Casting further doubt on the memos, The Dallas Morning News reported Sept. 11 that the officer named in a memo as exerting pressure to “sugar coat” Bush’s record had left the Texas Air National Guard 1 1/2 years before the memo was dated.
The newspaper said it obtained an order showing that Walter B. Staudt, former commander of the Texas Guard, retired on March 1, 1972. The memo was dated Aug. 18, 1973.
“60 Minutes” relied on the documents as part of a Sept. 8 segment – reported by Rather – on Bush’s service in the Texas Air National Guard from 1968 to 1973.
Former colleagues of Killian disagreed about the documents’ authenticity.
One, who appeared in the TV newsmagazine segment, said Sept. 10 he did not see anything in the memos that made him think they were forgeries. Robert Strong noted he’s not a forensic expert and isn’t vouching for the documents.
“I didn’t see anything that was inconsistent with how we did business,” Strong said in an interview. “It looked like the sort of thing that Jerry Killian would have done or said. He was a very professional guy.”
Strong was the only associate of Killian quoted by CBS as supporting the memo’s contents.
Retired Col. Maurice Udell, the unit’s instructor pilot who helped train Bush, said Sept. 10 he thought the documents were fake.
“I completely am disgusted with this (report) I saw on ‘60 Minutes,’” Udell said. “That’s not true. I was there. I knew Jerry Killian. I went to Vietnam with Jerry Killian in 1968.”
Killian’s son also questioned some of the documents, saying his father would never write a memo like the “sugar coat” one.
Several of the document examiners said one clue that the documents may be forgeries was the presence of superscripts – in this case, a raised, smaller “th” in two references to Guard units.
Rather said typewriters were available in the early 1970s that were capable of printing superscripts.
CBS pointed to other Texas Air National Guard documents released by the White House that include an example of a raised “th” superscript.
That superscript, however, is in a different typeface than the one used for the CBS memos. Document examiner Sandra Ramsey Lines of Paradise Valley, Ariz., who examined the documents for the AP, said she was “virtually certain” they were generated by computer.
Lines said that meant she could testify in court that, beyond a reasonable doubt, her opinion was that the memos were written on a computer.
CBS has not revealed its source or sources for the documents or the names of experts besides Matley it said examined the memos before its report.
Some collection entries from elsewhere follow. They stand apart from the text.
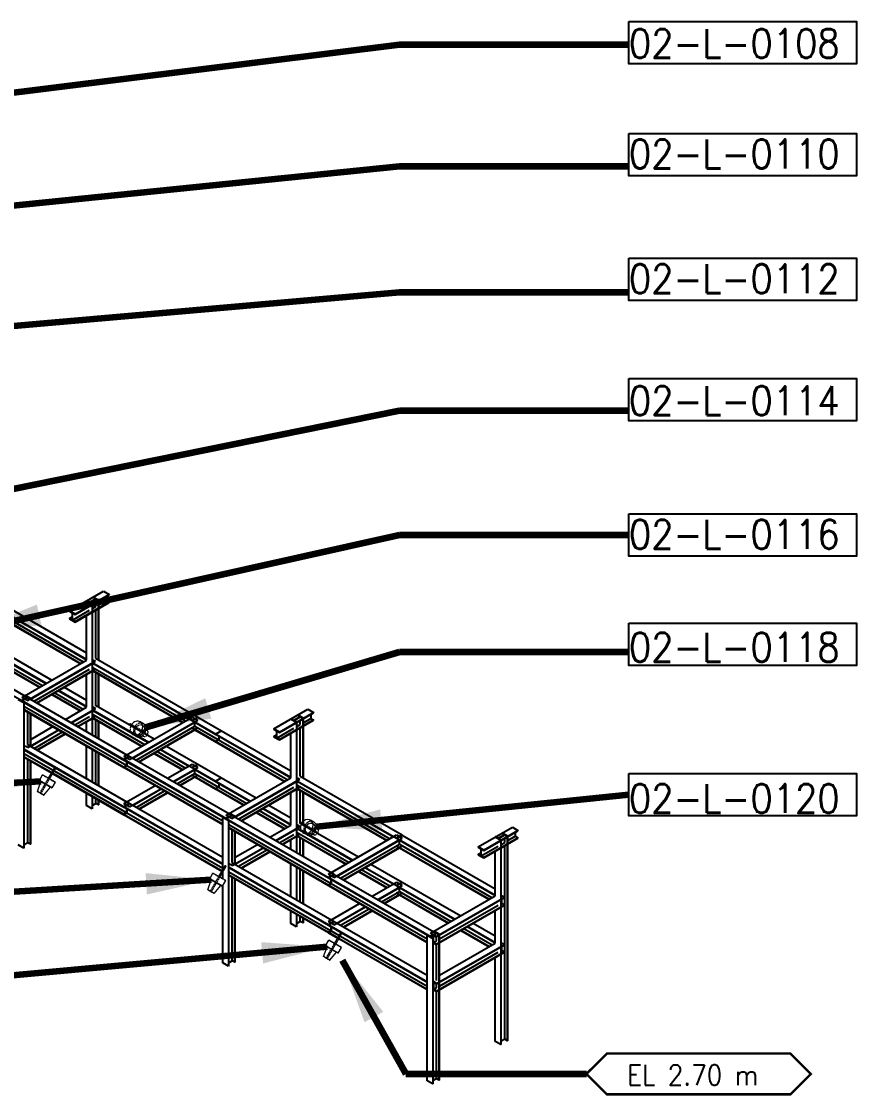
# Model space of a CAD drawing. Header units: inches. Extents: x 9 to 553326, y 5 to 186380.
# Drawn here: x 452736 to 491189, y 92011 to 141501 of the extents above; entities that cross this region are included whole.
import ezdxf

# ---------------------------------------------------------------- set-up
doc = ezdxf.new("R2010")
doc.units = ezdxf.units.IN
doc.header["$MEASUREMENT"] = 0
doc.linetypes.add('LIGHTINGLAYOUTPROGRESSUNIT-EMBED 2_DWG$0$HIDDEN2', pattern=[0.1875, 0.125, -0.0625])
for name, color, linetype in [('_Auto', 7, 'Continuous'), ('Default', 7, 'Continuous'), ('LIGHTINGLAYOUTPROGRESSUNIT-EMBED 2_DWG$0$DwgTemplate', 7, 'Continuous')]:
    doc.layers.add(name, color=color, linetype=linetype)
doc.layers.add('Pipe Rack Lighting', color=1, linetype='Continuous', lineweight=5)
doc.styles.add('HZTXT', font='txt_qlt.shx', dxfattribs={"width": 0.7, "bigfont": 'hztxt.shx'})
doc.styles.get("Standard").update_dxf_attribs({"font": 'arial.ttf'})
doc.dimstyles.new('ANSI_L', dxfattribs={"dimtxt": 0.18, "dimasz": 0.18, "dimexe": 0.18, "dimexo": 0.0625, "dimgap": 0.09, "dimtad": 0, "dimtih": 1, "dimtoh": 1, "dimdec": 4, "dimzin": 0, "dimdsep": 46, "dimtxsty": 'Standard', "dimcen": 0.09, "dimadec": 0, "dimazin": 0, "dimtfac": 1, "dimtdec": 4, "dimtofl": 0, "dimtmove": 0, "dimatfit": 3, "dimfxl": 1, "dimtolj": 1, "dimtzin": 0, "dimarcsym": 0})
doc.dimstyles.new('IED-Dimension-Metric_L', dxfattribs={"dimtxt": 0.18, "dimasz": 0.18, "dimexe": 0.18, "dimexo": 0.0625, "dimgap": 0.09, "dimtad": 0, "dimtih": 1, "dimtoh": 1, "dimdec": 4, "dimzin": 0, "dimdsep": 46, "dimtxsty": 'Standard', "dimcen": 0.09, "dimadec": 0, "dimazin": 0, "dimtfac": 1, "dimtdec": 4, "dimtofl": 0, "dimtmove": 0, "dimatfit": 3, "dimfxl": 1, "dimtolj": 1, "dimtzin": 0, "dimarcsym": 0})

msp = doc.modelspace()

# ---------------------------------------------------------------- linework, layer by layer
at = {"layer": '_Auto', "color": 7, "linetype": 'Continuous'}
for points in [[(480708, 141501), (491189, 141501), (491189, 139553), (480708, 139553)], [(480708, 136344), (491189, 136344), (491189, 134396), (480708, 134396)], [(480708, 130592), (491189, 130592), (491189, 128644), (480708, 128644)], [(480708, 125044), (491189, 125044), (491189, 123096), (480708, 123096)], [(480708, 118817), (491189, 118817), (491189, 116869), (480708, 116869)], [(480708, 113780), (491189, 113780), (491189, 111832), (480708, 111832)], [(480708, 106849), (491189, 106849), (491189, 104901), (480708, 104901)]]:
    msp.add_lwpolyline(points, close=True, dxfattribs=at)
at = {"layer": 'Default', "color": 7, "linetype": 'Continuous', "const_width": 111}
msp.add_lwpolyline([(479691, 93945), (488144, 93945), (489084, 93006), (488144, 92066), (479691, 92066), (478752, 93006)], close=True, dxfattribs=at)
at = {"layer": 'LIGHTINGLAYOUTPROGRESSUNIT-EMBED 2_DWG$0$DwgTemplate', "color": 9, "linetype": 'Continuous'}
for p, q in [((451443, 114883), (455728, 112409)), ((454945, 114342), (456514, 115248)), ((455204, 114193), (456773, 115098)), ((455204, 114174), (456773, 115080)), ((456153, 114896), (455869, 114732)), ((455879, 114726), (456163, 114890)), ((456044, 114977), (456028, 114968)), ((456028, 114968), (456153, 114896)), ((456303, 114827), (456044, 114977)), ((456163, 114890), (456287, 114818)), ((456287, 114818), (456303, 114827)), ((456287, 112086), (456287, 114818)), ((456303, 112077), (456303, 114827)), ((456303, 114625), (456648, 114824)), ((456514, 115248), (456773, 115098)), ((456648, 115008), (456648, 114824)), ((456648, 114824), (456773, 114752)), ((456773, 115098), (456773, 115080)), ((451184, 114733), (455728, 112110)), ((451184, 114387), (455457, 111920)), ((451309, 114643), (455728, 112092)), ((451309, 114459), (455581, 111992)), ((454945, 114342), (454945, 114324)), ((455204, 114193), (454945, 114342)), ((454945, 114324), (455069, 114252)), ((455079, 113918), (455863, 114370)), ((455204, 113846), (456773, 114752)), ((455204, 113828), (456773, 114734)), ((455744, 114804), (455728, 114794)), ((455728, 114794), (455987, 114645)), ((455869, 114732), (455744, 114804)), ((456003, 114654), (455879, 114726)), ((455987, 114645), (456003, 114654)), ((455987, 114645), (455987, 108636)), ((456003, 108627), (456003, 114654)), ((456003, 114451), (456163, 114544)), ((456163, 114544), (456163, 114728)), ((456163, 112158), (456163, 114381)), ((456773, 114752), (456773, 114734)), ((451309, 114296), (455441, 111911)), ((454945, 113996), (455069, 114068)), ((454945, 113996), (454945, 113977)), ((455069, 113924), (454945, 113996)), ((454945, 113977), (455204, 113828)), ((455069, 114252), (455069, 113924)), ((455079, 113918), (455079, 114246)), ((455079, 114246), (455204, 114174)), ((455204, 113846), (455079, 113918)), ((455204, 114174), (455204, 114193)), ((455204, 113828), (455204, 113846)), ((455728, 112077), (455728, 114130)), ((448047, 112922), (452748, 110207)), ((448306, 113071), (453007, 110357)), ((451184, 112559), (453874, 111007)), ((451309, 112469), (453858, 110997)), ((451443, 112709), (454133, 111156)), ((451184, 112213), (453574, 110833)), ((451309, 112285), (453699, 110905)), ((451309, 112123), (453558, 110824)), ((452748, 110357), (455728, 112077)), ((453007, 110207), (456145, 112019)), ((453153, 110273), (456016, 111926)), ((456003, 111951), (461691, 108667)), ((456016, 111926), (460447, 109367)), ((456021, 112091), (456145, 112019)), ((456150, 112165), (461950, 108817)), ((453312, 110181), (455863, 111653)), ((453437, 110109), (456140, 111669)), ((453453, 110099), (456016, 111579)), ((455728, 109903), (455728, 111413)), ((456003, 111734), (456016, 111741)), ((456003, 111605), (460163, 109203)), ((456016, 111741), (460288, 109275)), ((456016, 111579), (460147, 109194)), ((456163, 109984), (456163, 111494)), ((456287, 109912), (456287, 111422)), ((456303, 109903), (456303, 111413)), ((453015, 110367), (452731, 110203)), ((452906, 110448), (452890, 110439)), ((452890, 110439), (453015, 110367)), ((453165, 110298), (452906, 110448)), ((454133, 110492), (455441, 109737)), ((454149, 110501), (455457, 109746)), ((454274, 110573), (455581, 109818)), ((454433, 110665), (455728, 109918)), ((454449, 110675), (455728, 109936)), ((454708, 110824), (455728, 110235)), ((452590, 110265), (452849, 110116)), ((452741, 110197), (453025, 110361)), ((452865, 110125), (452741, 110197)), ((453007, 110357), (452748, 110207)), ((453007, 110207), (452748, 110357)), ((452748, 110207), (453007, 110357)), ((452748, 110207), (457455, 107490)), ((452849, 110116), (452865, 110125)), ((452849, 110116), (452849, 103413)), ((452865, 103422), (452865, 110125)), ((452865, 110121), (457455, 107471)), ((452878, 109930), (457580, 107215)), ((453007, 110357), (457714, 107639)), ((453025, 110361), (453149, 110289)), ((453149, 110289), (453165, 110298)), ((453149, 110275), (453149, 110289)), ((453165, 110265), (453165, 110298)), ((454761, 109344), (455728, 109903)), ((456021, 109917), (456145, 109845)), ((456150, 109992), (458840, 108439)), ((452865, 109793), (457455, 107143)), ((452865, 109775), (457455, 107125)), ((453025, 108187), (453025, 109683)), ((453149, 108101), (453149, 109611)), ((453165, 108091), (453165, 109601)), ((455020, 109195), (456145, 109845)), ((455036, 109186), (456016, 109752)), ((455195, 109094), (455863, 109479)), ((455320, 109022), (456140, 109495)), ((455336, 109012), (456016, 109405)), ((456003, 109777), (458581, 108289)), ((456003, 109560), (456016, 109567)), ((456003, 109431), (458281, 108116)), ((456016, 109752), (458565, 108280)), ((456016, 109567), (458405, 108188)), ((456016, 109405), (458265, 108107)), ((457455, 107639), (460593, 109451)), ((460593, 109451), (460852, 109301)), ((460598, 109298), (460857, 109448)), ((460857, 109448), (465142, 106974)), ((464358, 108907), (465927, 109813)), ((464617, 108758), (466186, 109664)), ((464617, 108739), (466186, 109645)), ((465566, 109461), (465282, 109297)), ((465292, 109291), (465576, 109455)), ((465458, 109542), (465442, 109533)), ((465442, 109533), (465566, 109461)), ((465717, 109393), (465458, 109542)), ((465576, 109455), (465701, 109383)), ((465701, 109383), (465717, 109393)), ((465701, 106651), (465701, 109383)), ((465717, 106642), (465717, 109393)), ((465717, 109190), (466061, 109389)), ((465927, 109813), (466186, 109664)), ((466061, 109573), (466061, 109389)), ((466061, 109389), (466186, 109317)), ((466186, 109664), (466186, 109645)), ((453165, 108423), (454186, 109012)), ((455728, 108786), (455728, 109239)), ((456163, 108535), (456163, 109320)), ((456287, 108463), (456287, 109248)), ((456303, 108454), (456303, 109239)), ((457714, 107490), (460852, 109301)), ((457860, 107555), (460722, 109208)), ((458019, 107463), (460722, 109024)), ((458144, 107391), (460847, 108952)), ((460598, 109298), (465142, 106675)), ((460598, 108952), (460722, 109024)), ((460598, 108952), (461691, 108321)), ((460598, 108952), (464870, 106485)), ((460722, 109208), (461691, 108649)), ((460722, 109208), (465142, 106657)), ((460722, 109024), (460722, 109208)), ((460722, 109024), (461816, 108393)), ((460722, 109024), (464995, 106557)), ((464617, 108758), (464358, 108907)), ((464358, 108907), (464358, 108889)), ((464358, 108889), (464483, 108817)), ((464493, 108483), (465276, 108936)), ((464617, 108411), (466186, 109317)), ((464617, 108393), (466186, 109299)), ((465157, 109369), (465142, 109360)), ((465142, 109360), (465401, 109210)), ((465282, 109297), (465157, 109369)), ((465417, 109219), (465292, 109291)), ((465401, 109210), (465417, 109219)), ((465401, 109210), (465401, 103201)), ((465417, 103192), (465417, 109219)), ((465417, 109017), (465576, 109109)), ((465576, 109109), (465576, 109293)), ((465576, 106723), (465576, 108946)), ((466186, 109317), (466186, 109299)), ((453022, 108042), (454445, 108863)), ((453153, 108099), (454461, 108854)), ((453312, 108007), (454620, 108762)), ((453437, 107935), (454745, 108690)), ((453453, 107925), (454761, 108680)), ((458160, 107382), (460722, 108862)), ((460722, 108862), (461691, 108302)), ((460722, 108862), (464854, 106476)), ((461950, 108817), (461691, 108667)), ((461691, 108667), (461691, 108649)), ((461816, 108393), (461691, 108321)), ((461816, 108577), (461816, 108393)), ((464358, 108561), (464483, 108633)), ((464483, 108489), (464358, 108561)), ((464358, 108561), (464358, 108542)), ((464358, 108542), (464617, 108393)), ((464483, 108817), (464483, 108489)), ((464493, 108811), (464617, 108739)), ((464493, 108483), (464493, 108811)), ((464617, 108411), (464493, 108483)), ((464617, 108739), (464617, 108758)), ((464617, 108393), (464617, 108411)), ((465142, 106642), (465142, 108696)), ((452865, 107966), (457455, 105316)), ((452865, 107947), (457455, 105297)), ((453022, 108042), (452898, 108114)), ((453012, 108180), (457714, 105465)), ((455728, 106612), (455728, 108122)), ((455987, 107972), (455987, 106462)), ((456003, 106453), (456003, 107963)), ((459140, 107948), (460447, 107193)), ((459156, 107957), (461691, 106493)), ((459415, 108107), (461950, 106643)), ((461691, 108321), (461691, 108302)), ((452865, 107619), (454129, 106889)), ((452865, 107601), (454121, 106876)), ((452878, 107756), (454191, 106997)), ((453025, 103658), (453025, 107509)), ((453149, 103586), (453149, 107437)), ((453165, 103595), (453165, 107428)), ((456163, 106361), (456163, 107871)), ((456287, 106289), (456287, 107799)), ((456303, 106280), (456303, 107790)), ((457714, 107490), (457455, 107639)), ((457714, 107639), (457455, 107490)), ((457455, 107490), (457455, 107471)), ((457455, 107471), (457460, 107474)), ((457460, 107487), (457719, 107636)), ((457460, 107468), (457460, 107487)), ((457460, 107487), (462162, 104772)), ((457460, 107468), (462016, 104838)), ((457580, 107399), (457580, 107215)), ((457585, 107212), (457585, 107397)), ((457719, 107636), (462421, 104922)), ((458840, 107775), (460147, 107020)), ((458856, 107784), (460163, 107029)), ((458980, 107856), (460288, 107101)), ((454240, 106969), (457580, 105041)), ((457580, 107215), (457455, 107143)), ((457455, 107143), (457455, 107125)), ((457455, 107125), (457460, 107128)), ((457460, 107140), (457585, 107212)), ((457460, 107122), (457460, 107140)), ((457460, 107140), (462004, 104517)), ((457460, 107122), (462004, 104499)), ((457585, 107212), (462004, 104661)), ((459467, 106627), (460593, 107277)), ((459726, 106478), (460852, 107127)), ((459742, 106468), (460722, 107034)), ((460593, 107277), (460852, 107127)), ((460598, 107125), (460857, 107274)), ((460598, 107125), (463287, 105572)), ((460722, 107034), (461691, 106475)), ((460722, 107034), (463271, 105562)), ((460722, 106850), (460722, 107034)), ((460857, 107274), (463546, 105721)), ((454170, 106848), (457455, 104951)), ((454178, 106861), (457455, 104969)), ((459902, 106376), (460722, 106850)), ((460026, 106304), (460847, 106778)), ((460042, 106295), (460722, 106688)), ((460598, 106778), (460722, 106850)), ((460598, 106778), (461691, 106147)), ((460598, 106778), (462987, 105398)), ((460722, 106850), (461816, 106219)), ((460722, 106850), (463112, 105470)), ((460722, 106688), (461691, 106128)), ((460722, 106688), (462971, 105389)), ((461950, 106643), (461691, 106493)), ((461691, 106493), (461691, 106475)), ((462162, 104922), (465142, 106642)), ((462421, 104772), (465559, 106584)), ((462566, 104838), (465429, 106491)), ((465417, 106516), (470006, 103866)), ((465429, 106491), (469861, 103932)), ((465434, 106656), (465559, 106584)), ((465563, 106731), (470265, 104016)), ((455728, 105374), (455728, 105948)), ((457455, 105465), (458892, 106295)), ((457714, 105316), (459151, 106146)), ((457860, 105381), (459167, 106136)), ((458019, 105289), (459327, 106044)), ((458144, 105217), (459451, 105972)), ((458160, 105208), (459467, 105963)), ((461816, 106219), (461691, 106147)), ((461691, 106147), (461691, 106128)), ((461816, 106403), (461816, 106219)), ((462726, 104746), (465276, 106218)), ((462850, 104674), (465554, 106235)), ((462866, 104665), (465429, 106144)), ((465142, 104468), (465142, 105978)), ((465417, 106299), (465429, 106307)), ((465417, 106170), (469577, 103768)), ((465429, 106307), (469701, 103840)), ((465429, 106144), (469561, 103759)), ((465576, 104549), (465576, 106059)), ((465701, 104477), (465701, 105987)), ((465717, 104468), (465717, 105978)), ((455987, 105798), (455987, 105225)), ((456003, 105234), (456003, 105789)), ((456163, 105470), (456003, 105378)), ((456163, 105470), (456163, 105697)), ((456287, 105398), (456163, 105470)), ((456287, 105398), (456287, 105625)), ((456303, 105407), (456303, 105616)), ((457714, 105316), (457455, 105465)), ((457714, 105465), (457455, 105316)), ((457460, 105313), (457719, 105462)), ((457719, 105462), (462004, 102989)), ((455987, 105225), (455728, 105374)), ((456003, 105234), (455987, 105225)), ((456303, 105407), (456287, 105398)), ((457455, 105316), (457455, 105297)), ((457455, 105297), (457460, 105300)), ((457580, 105041), (457455, 104969)), ((457455, 104969), (457455, 104951)), ((457455, 104951), (457460, 104954)), ((457460, 105295), (457460, 105313)), ((457460, 105313), (462004, 102690)), ((457460, 105295), (462004, 102671)), ((457460, 104966), (457585, 105038)), ((457460, 104948), (457460, 104966)), ((457460, 104966), (461974, 102360)), ((457460, 104948), (461966, 102347)), ((457580, 105225), (457580, 105041)), ((457585, 105038), (457585, 105223)), ((457585, 105038), (462004, 102487)), ((462428, 104932), (462144, 104768)), ((462154, 104762), (462438, 104926)), ((462162, 104772), (462421, 104922)), ((462421, 104922), (462162, 104772)), ((462421, 104772), (462162, 104922)), ((462320, 105013), (462304, 105004)), ((462304, 105004), (462428, 104932)), ((462579, 104864), (462320, 105013)), ((462421, 104922), (467127, 102204)), ((462438, 104926), (462563, 104854)), ((463546, 105057), (464854, 104302)), ((463562, 105066), (464870, 104311)), ((463687, 105138), (464995, 104383)), ((463846, 105231), (465142, 104483)), ((463862, 105240), (465142, 104501)), ((464121, 105389), (465142, 104800)), ((462020, 104840), (462004, 104831)), ((462004, 102413), (462004, 104831)), ((462004, 104831), (462263, 104681)), ((462144, 104768), (462020, 104840)), ((462279, 104690), (462154, 104762)), ((462162, 104772), (466868, 102055)), ((462263, 104681), (462279, 104690)), ((462263, 104681), (462263, 97978)), ((462279, 97987), (462279, 104690)), ((462279, 104686), (466868, 102036)), ((462291, 104495), (466993, 101780)), ((462563, 104854), (462579, 104864)), ((462563, 104840), (462563, 104854)), ((462579, 104831), (462579, 104864)), ((464174, 103910), (465142, 104468)), ((465434, 104482), (465559, 104410)), ((465563, 104557), (468253, 103004)), ((462279, 104358), (466868, 101708)), ((462279, 104340), (466868, 101690)), ((462438, 102752), (462438, 104248)), ((462563, 102666), (462563, 104176)), ((462579, 102657), (462579, 104167)), ((464433, 103760), (465559, 104410)), ((464449, 103751), (465429, 104317)), ((464608, 103659), (465276, 104044)), ((464733, 103587), (465554, 104061)), ((464749, 103578), (465429, 103970)), ((465417, 104342), (467994, 102854)), ((465417, 104125), (465429, 104133)), ((465417, 103996), (467694, 102681)), ((465429, 104317), (467978, 102845)), ((465429, 104133), (467819, 102753)), ((465429, 103970), (467678, 102672)), ((466868, 102204), (470006, 104016)), ((470265, 104016), (470006, 103866)), ((470006, 104016), (470265, 103866)), ((470011, 103864), (470270, 104013)), ((470265, 104010), (470265, 104016)), ((470270, 104013), (474555, 101539)), ((473772, 103473), (475340, 104378)), ((474031, 103323), (475599, 104229)), ((474031, 103305), (475599, 104210)), ((474571, 103934), (474555, 103925)), ((474695, 103862), (474571, 103934)), ((474980, 104026), (474695, 103862)), ((474705, 103856), (474989, 104020)), ((474871, 104107), (474855, 104098)), ((474855, 104098), (474980, 104026)), ((475130, 103958), (474871, 104107)), ((474989, 104020), (475114, 103949)), ((475114, 103949), (475130, 103958)), ((475114, 94528), (475114, 103949)), ((475130, 94537), (475130, 103958)), ((475130, 103755), (475475, 103954)), ((475340, 104378), (475599, 104229)), ((475475, 104138), (475475, 103954)), ((475475, 103954), (475599, 103882)), ((475599, 104229), (475599, 104210)), ((452849, 103413), (452590, 103562)), ((453025, 103658), (452865, 103566)), ((453149, 103586), (453025, 103658)), ((453165, 103595), (453149, 103586)), ((462579, 102989), (463599, 103578)), ((465142, 103351), (465142, 103804)), ((465576, 103100), (465576, 103885)), ((465701, 103028), (465701, 103814)), ((465717, 103019), (465717, 103804)), ((467127, 102055), (470265, 103866)), ((467273, 102120), (470136, 103773)), ((467432, 102028), (470136, 103589)), ((467557, 101956), (470260, 103517)), ((470011, 103864), (474555, 101240)), ((470011, 103517), (470136, 103589)), ((470011, 103517), (474283, 101051)), ((470136, 103589), (470136, 103773)), ((470136, 103773), (474555, 101222)), ((470136, 103589), (474408, 101123)), ((473772, 103473), (473772, 103454)), ((474031, 103323), (473772, 103473)), ((473772, 103454), (473896, 103382)), ((473906, 103048), (474689, 103501)), ((474031, 102977), (475599, 103882)), ((474031, 102958), (475599, 103864)), ((474555, 103925), (474814, 103775)), ((474830, 103784), (474705, 103856)), ((474814, 103775), (474830, 103784)), ((474814, 103775), (474814, 94355)), ((474830, 94364), (474830, 103784)), ((474830, 103582), (474989, 103674)), ((474989, 103674), (474989, 103858)), ((474989, 94600), (474989, 103512)), ((475599, 103882), (475599, 103864)), ((452865, 103422), (452849, 103413)), ((462436, 102607), (463858, 103428)), ((462566, 102664), (463874, 103419)), ((462726, 102572), (464033, 103327)), ((462850, 102500), (464158, 103255)), ((462866, 102491), (464174, 103246)), ((467573, 101947), (470136, 103427)), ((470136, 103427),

Bush spokesman Scott McClellan said Sept. 10 the White House, which distributed the memos after obtaining them from CBS News, was not trying to verify their authenticity. “We don’t know if the documents are fabricated or authentic,” McClellan told reporters.
McClellan suggested the memos surfaced as part of “an orchestrated effort by Democrats and the Kerry campaign to tear down the president.”